= Source data =
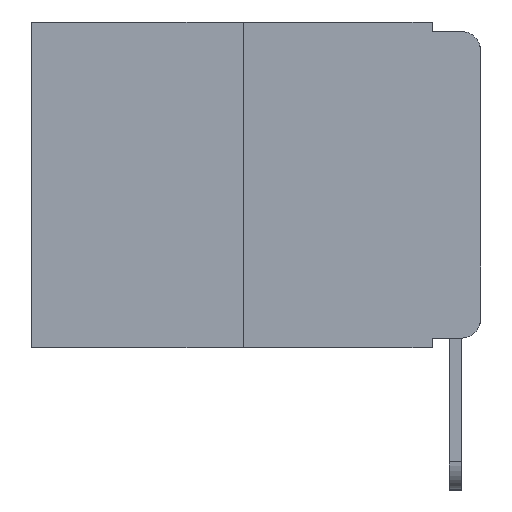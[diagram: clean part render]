
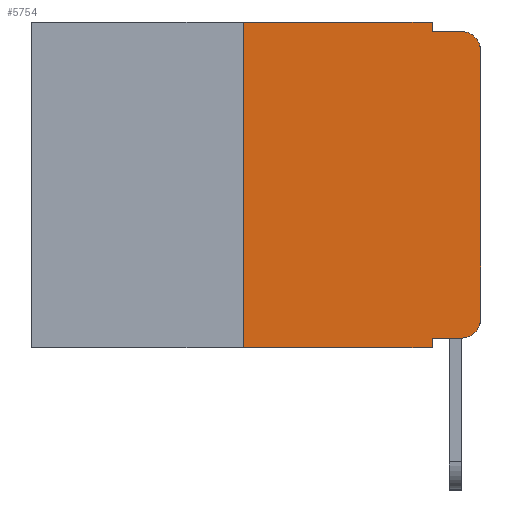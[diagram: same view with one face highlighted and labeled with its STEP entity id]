
A CAD part, left-side view. The second image highlights one B-rep face of the part: STEP entity #5754.
In plain terms, the highlighted planar face has unit normal (-1, 0, 0).
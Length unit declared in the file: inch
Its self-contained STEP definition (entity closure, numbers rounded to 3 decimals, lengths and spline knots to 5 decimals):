
#342 = VERTEX_POINT ( 'NONE', #10857 ) ;
#1058 = DIRECTION ( 'NONE',  ( 0., -1., 0. ) ) ;
#1106 = CARTESIAN_POINT ( 'NONE',  ( 0., 0.02, -0.333 ) ) ;
#1146 = CARTESIAN_POINT ( 'NONE',  ( 0., 0.25, 0. ) ) ;
#1148 = ORIENTED_EDGE ( 'NONE', *, *, #2968, .F. ) ;
#1197 = DIRECTION ( 'NONE',  ( -1., 0., 0. ) ) ;
#1370 = VECTOR ( 'NONE', #11202, 39.37008 ) ;
#1576 = VERTEX_POINT ( 'NONE', #12051 ) ;
#2039 = VECTOR ( 'NONE', #17736, 39.37008 ) ;
#2072 = LINE ( 'NONE', #5149, #5139 ) ;
#2240 = CARTESIAN_POINT ( 'NONE',  ( 0., 0.051, 0. ) ) ;
#2256 = PLANE ( 'NONE',  #5240 ) ;
#2358 = ORIENTED_EDGE ( 'NONE', *, *, #12655, .T. ) ;
#2767 = EDGE_CURVE ( 'NONE', #18616, #12664, #12749, .T. ) ;
#2858 = CARTESIAN_POINT ( 'NONE',  ( 0., 0.02, -0.313 ) ) ;
#2968 = EDGE_CURVE ( 'NONE', #3034, #18616, #2072, .T. ) ;
#3034 = VERTEX_POINT ( 'NONE', #2240 ) ;
#3412 = ORIENTED_EDGE ( 'NONE', *, *, #13957, .T. ) ;
#3586 = CARTESIAN_POINT ( 'NONE',  ( 0., 0.02, -0.01 ) ) ;
#4650 = VERTEX_POINT ( 'NONE', #10015 ) ;
#5139 = VECTOR ( 'NONE', #6691, 39.37008 ) ;
#5149 = CARTESIAN_POINT ( 'NONE',  ( 0., 0.051, 0. ) ) ;
#5240 = AXIS2_PLACEMENT_3D ( 'NONE', #14304, #9876, #11268 ) ;
#5754 = ADVANCED_FACE ( 'NONE', ( #11781 ), #2256, .F. ) ;
#5913 = CARTESIAN_POINT ( 'NONE',  ( 0., 0.051, -0.01 ) ) ;
#6014 = ORIENTED_EDGE ( 'NONE', *, *, #10667, .F. ) ;
#6280 = CARTESIAN_POINT ( 'NONE',  ( 0., 0., -0.03 ) ) ;
#6462 = DIRECTION ( 'NONE',  ( 0., 0., -1. ) ) ;
#6586 = CARTESIAN_POINT ( 'NONE',  ( 0., 0.25, 0. ) ) ;
#6691 = DIRECTION ( 'NONE',  ( 0., 0., -1. ) ) ;
#6925 = DIRECTION ( 'NONE',  ( 0., -1., 0. ) ) ;
#8066 = VECTOR ( 'NONE', #16463, 39.37008 ) ;
#8072 = DIRECTION ( 'NONE',  ( -1., 0., 0. ) ) ;
#8126 = EDGE_CURVE ( 'NONE', #1576, #342, #16310, .T. ) ;
#8210 = CARTESIAN_POINT ( 'NONE',  ( 0., 0., 0. ) ) ;
#8919 = VERTEX_POINT ( 'NONE', #6586 ) ;
#9340 = EDGE_CURVE ( 'NONE', #14560, #12664, #10038, .T. ) ;
#9770 = ORIENTED_EDGE ( 'NONE', *, *, #8126, .T. ) ;
#9876 = DIRECTION ( 'NONE',  ( 1., 0., 0. ) ) ;
#9964 = CARTESIAN_POINT ( 'NONE',  ( 0., 0.051, -0.333 ) ) ;
#10015 = CARTESIAN_POINT ( 'NONE',  ( 0., 0.051, -0.333 ) ) ;
#10038 = CIRCLE ( 'NONE', #10792, 0.02 ) ;
#10147 = LINE ( 'NONE', #8210, #1370 ) ;
#10554 = LINE ( 'NONE', #9964, #18249 ) ;
#10667 = EDGE_CURVE ( 'NONE', #4650, #342, #15727, .T. ) ;
#10792 = AXIS2_PLACEMENT_3D ( 'NONE', #15544, #8072, #18657 ) ;
#10819 = AXIS2_PLACEMENT_3D ( 'NONE', #2858, #1197, #19450 ) ;
#10857 = CARTESIAN_POINT ( 'NONE',  ( 0., 0.051, -0.343 ) ) ;
#11202 = DIRECTION ( 'NONE',  ( 0., 0., 1. ) ) ;
#11268 = DIRECTION ( 'NONE',  ( 0., 0., -1. ) ) ;
#11312 = ORIENTED_EDGE ( 'NONE', *, *, #12869, .T. ) ;
#11509 = EDGE_LOOP ( 'NONE', ( #2358, #13254, #12161, #1148, #14606, #18852, #9770, #6014, #3412, #11312 ) ) ;
#11657 = CARTESIAN_POINT ( 'NONE',  ( 0., 0., -0.313 ) ) ;
#11781 = FACE_OUTER_BOUND ( 'NONE', #11509, .T. ) ;
#12051 = CARTESIAN_POINT ( 'NONE',  ( 0., 0.25, -0.343 ) ) ;
#12137 = LINE ( 'NONE', #1146, #8066 ) ;
#12161 = ORIENTED_EDGE ( 'NONE', *, *, #2767, .F. ) ;
#12375 = CARTESIAN_POINT ( 'NONE',  ( 0., 0.051, -0.01 ) ) ;
#12489 = CARTESIAN_POINT ( 'NONE',  ( 0., 0.051, 0. ) ) ;
#12655 = EDGE_CURVE ( 'NONE', #16225, #14560, #10147, .T. ) ;
#12664 = VERTEX_POINT ( 'NONE', #3586 ) ;
#12749 = LINE ( 'NONE', #5913, #19736 ) ;
#12869 = EDGE_CURVE ( 'NONE', #16302, #16225, #19734, .T. ) ;
#13254 = ORIENTED_EDGE ( 'NONE', *, *, #9340, .T. ) ;
#13957 = EDGE_CURVE ( 'NONE', #4650, #16302, #10554, .T. ) ;
#14064 = VECTOR ( 'NONE', #6462, 39.37008 ) ;
#14304 = CARTESIAN_POINT ( 'NONE',  ( 0., 0.473, 0. ) ) ;
#14560 = VERTEX_POINT ( 'NONE', #6280 ) ;
#14606 = ORIENTED_EDGE ( 'NONE', *, *, #19453, .F. ) ;
#15544 = CARTESIAN_POINT ( 'NONE',  ( 0., 0.02, -0.03 ) ) ;
#15727 = LINE ( 'NONE', #12489, #14064 ) ;
#16225 = VERTEX_POINT ( 'NONE', #11657 ) ;
#16302 = VERTEX_POINT ( 'NONE', #1106 ) ;
#16310 = LINE ( 'NONE', #17665, #18015 ) ;
#16463 = DIRECTION ( 'NONE',  ( 0., 0., 1. ) ) ;
#16977 = EDGE_CURVE ( 'NONE', #1576, #8919, #12137, .T. ) ;
#17548 = LINE ( 'NONE', #17669, #2039 ) ;
#17665 = CARTESIAN_POINT ( 'NONE',  ( 0., 0.473, -0.343 ) ) ;
#17669 = CARTESIAN_POINT ( 'NONE',  ( 0., 0.473, 0. ) ) ;
#17736 = DIRECTION ( 'NONE',  ( 0., -1., 0. ) ) ;
#18015 = VECTOR ( 'NONE', #1058, 39.37008 ) ;
#18249 = VECTOR ( 'NONE', #6925, 39.37008 ) ;
#18616 = VERTEX_POINT ( 'NONE', #12375 ) ;
#18657 = DIRECTION ( 'NONE',  ( 0., 0., -1. ) ) ;
#18852 = ORIENTED_EDGE ( 'NONE', *, *, #16977, .F. ) ;
#19450 = DIRECTION ( 'NONE',  ( 0., 0., -1. ) ) ;
#19453 = EDGE_CURVE ( 'NONE', #8919, #3034, #17548, .T. ) ;
#19724 = DIRECTION ( 'NONE',  ( 0., -1., 0. ) ) ;
#19734 = CIRCLE ( 'NONE', #10819, 0.02 ) ;
#19736 = VECTOR ( 'NONE', #19724, 39.37008 ) ;

= Work task =
Repeat exactly the lines from the line containing "#18015 = VECTOR ( 'NONE', #1058, 39.37008 ) ;" through the end of the listing above; both boundary lines are part of the output.

= The completed task =
#18015 = VECTOR ( 'NONE', #1058, 39.37008 ) ;
#18249 = VECTOR ( 'NONE', #6925, 39.37008 ) ;
#18616 = VERTEX_POINT ( 'NONE', #12375 ) ;
#18657 = DIRECTION ( 'NONE',  ( 0., 0., -1. ) ) ;
#18852 = ORIENTED_EDGE ( 'NONE', *, *, #16977, .F. ) ;
#19450 = DIRECTION ( 'NONE',  ( 0., 0., -1. ) ) ;
#19453 = EDGE_CURVE ( 'NONE', #8919, #3034, #17548, .T. ) ;
#19724 = DIRECTION ( 'NONE',  ( 0., -1., 0. ) ) ;
#19734 = CIRCLE ( 'NONE', #10819, 0.02 ) ;
#19736 = VECTOR ( 'NONE', #19724, 39.37008 ) ;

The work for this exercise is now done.